VoiceGoose Manual

This manual will guide you through the process of using VoiceGoose.

What is VoiceGoose

VoiceGoose is a application that uses AI to generate realistic speech. It can be used to generate speech in a variety of languages, voices and even clone existing voices based on a reference audio file of as little as just 3 seconds. VoiceGoose is designed to run locally on your own computer, and does not require an internet connection. This means that your audio is always processed on your own hardware, and never sent to any remote servers.

System Requirements

VoiceGoose requires:

M-series processor (M1, M2, M3, M4, etc.)
8 GB RAM
10 GB of storage space
macOS Sequoia (15.6) or later.

The speed at which voices can be generated will depend on your hardware.

Voice Design

When using voice design you can give VoiceGoose an instruction in natural language, describing the voice you want it to say your text in.

The best way to think about this is to think about how you would describe the voice you are looking for to a regular person. If you tell VoiceGoose to sound like a toaster it will not know what to do, but if you tell it to sound like an excited young man then it is likely to understand your intent. There are limitations as to what you can ask for, but you can get a long way with a well crafted instruction.

For example, consider the following aspects:

Gender
Emotion
Pace
Pitch
Speed
Volume
Tone

Keep in mind that sometimes you may need to generate a few versions before it comes out just right, even with a well crafted instruction.

Voice Cloning

With voice cloning you can provide VoiceGoose with a reference audio file of a voice and VoiceGoose will generate a new clip that sounds like the reference voice, but saying something different. In fact, VoiceGoose can even make voices speak in other languages than the one in the reference audio file. Have you ever heard yourself speaking Japanese, or French?

The reference audio file should preferably at least 5-10 seconds long, and should be of as high quality as possible. Longer clips of around 20-30 seconds will often provide better results. The audio file should be of a single speaker, and should preferably not contain any background noise.

When generating a voice clone you can also provide a transcript of the reference audio file. This is optional, but can be used to greatly(!) improve the quality of the clone and is highly recommended to provide.

Writing for VoiceGoose

When generating a voice clip you provide VoiceGoose with the text that you want it to say. This text can be in any of the supported languages. When writing your text you can add flavor to it, indicating to VoiceGoose how it should be spoken. For example, if you wanted the speaker to speak up you could write "IN ALL CAPS!" or if you wanted the speaker to be hesitant you could add "Some dots... O-Or maybe hy-hyphenation?". Try to keep the feeling of your text in line with any instructions you are giving the voice, as the model won't know what to do if the text and instructions are at odds with each other.

Common Issues

These are some common issues that users may encounter when using VoiceGoose.

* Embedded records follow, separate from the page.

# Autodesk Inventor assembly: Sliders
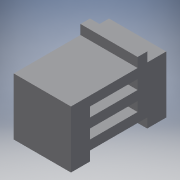
[picture p0: Inventor's stored thumbnail of the model, 180x180]
Saved by Autodesk Inventor 2016 (Build 200138000, 138)
## iProperties
Created: 2012-03-04
Part Number: Sliders
Document SubType Name: Assembly
Designer: John
Author: John
## Documents named in this file (2)
- C:\File Storage\Autodesk\Inventor 2016 Projects\Ex_Files_Inventor_2016_EssT\Exercise Files\15_Using constraints to position parts\15_07\Sliders.iam
- C:\File Storage\Autodesk\Inventor 2016 Projects\Ex_Files_Inventor_2016_EssT\Exercise Files\15_Using constraints to position parts\15_07\Slider.ipt
## Components (3 placed, 1 different names)
1. Slider:1 — Mate:1, Flush:1, Flush:3 DRIVE THIS
2. Slider:2 — Mate:1, Flush:1, Mate:2, Flush:2
3. Slider:3 — Mate:2, Flush:2, Flush:3 DRIVE THIS
## Relationships (5: Flush 3, Mate 2)
- Mate:1: Slider:1 ↔ Slider:2
- Flush:1: Slider:1 ↔ Slider:2
- Mate:2: Slider:2 ↔ Slider:3
- Flush:2: Slider:2 ↔ Slider:3
- Flush:3 DRIVE THIS: Slider:1 ↔ Slider:3

"VoiceGoose quit unexpectedly"

The most typical reason for this is if you are trying to generate too long of a voice clip. How long voice clips you can generate will depend on your hardware, in particular the amount of memory on your computer. Try exiting other memory hungry applications on your computer while you are using VoiceGoose as this can lessen the memory pressure on the system. If this does not help, try generating shorter clips.

Generating is taking a lot of time

Generating is a computationally intensive process, and VoiceGoose is running on your local hardware. The time it takes to generate a voice clip will therefore depend on your system specs. Note that the first generation will always take longer than subsequent generations as VoiceGoose loads the necessary AI models into memory. Subsequent generations are usually faster.

There is some noise right at the beginning of the audio clip

This is a known issue with the current AI model and unfortunately sometimes happens. It tends to happen more when the generated clip is very short. If you are experiencing this issue, try generating a longer clip.

The voice is not doing what I tell it to do

This can happen for a number of reasons.

The model simply can not do what you are asking it to do.
The instruction is not clear enough.
The instruction is at odds with the text.
The model is not able to understand the text.
The generated clip is too short.

Or, at the end of the day, it could just be bad luck. Try generating the clip again!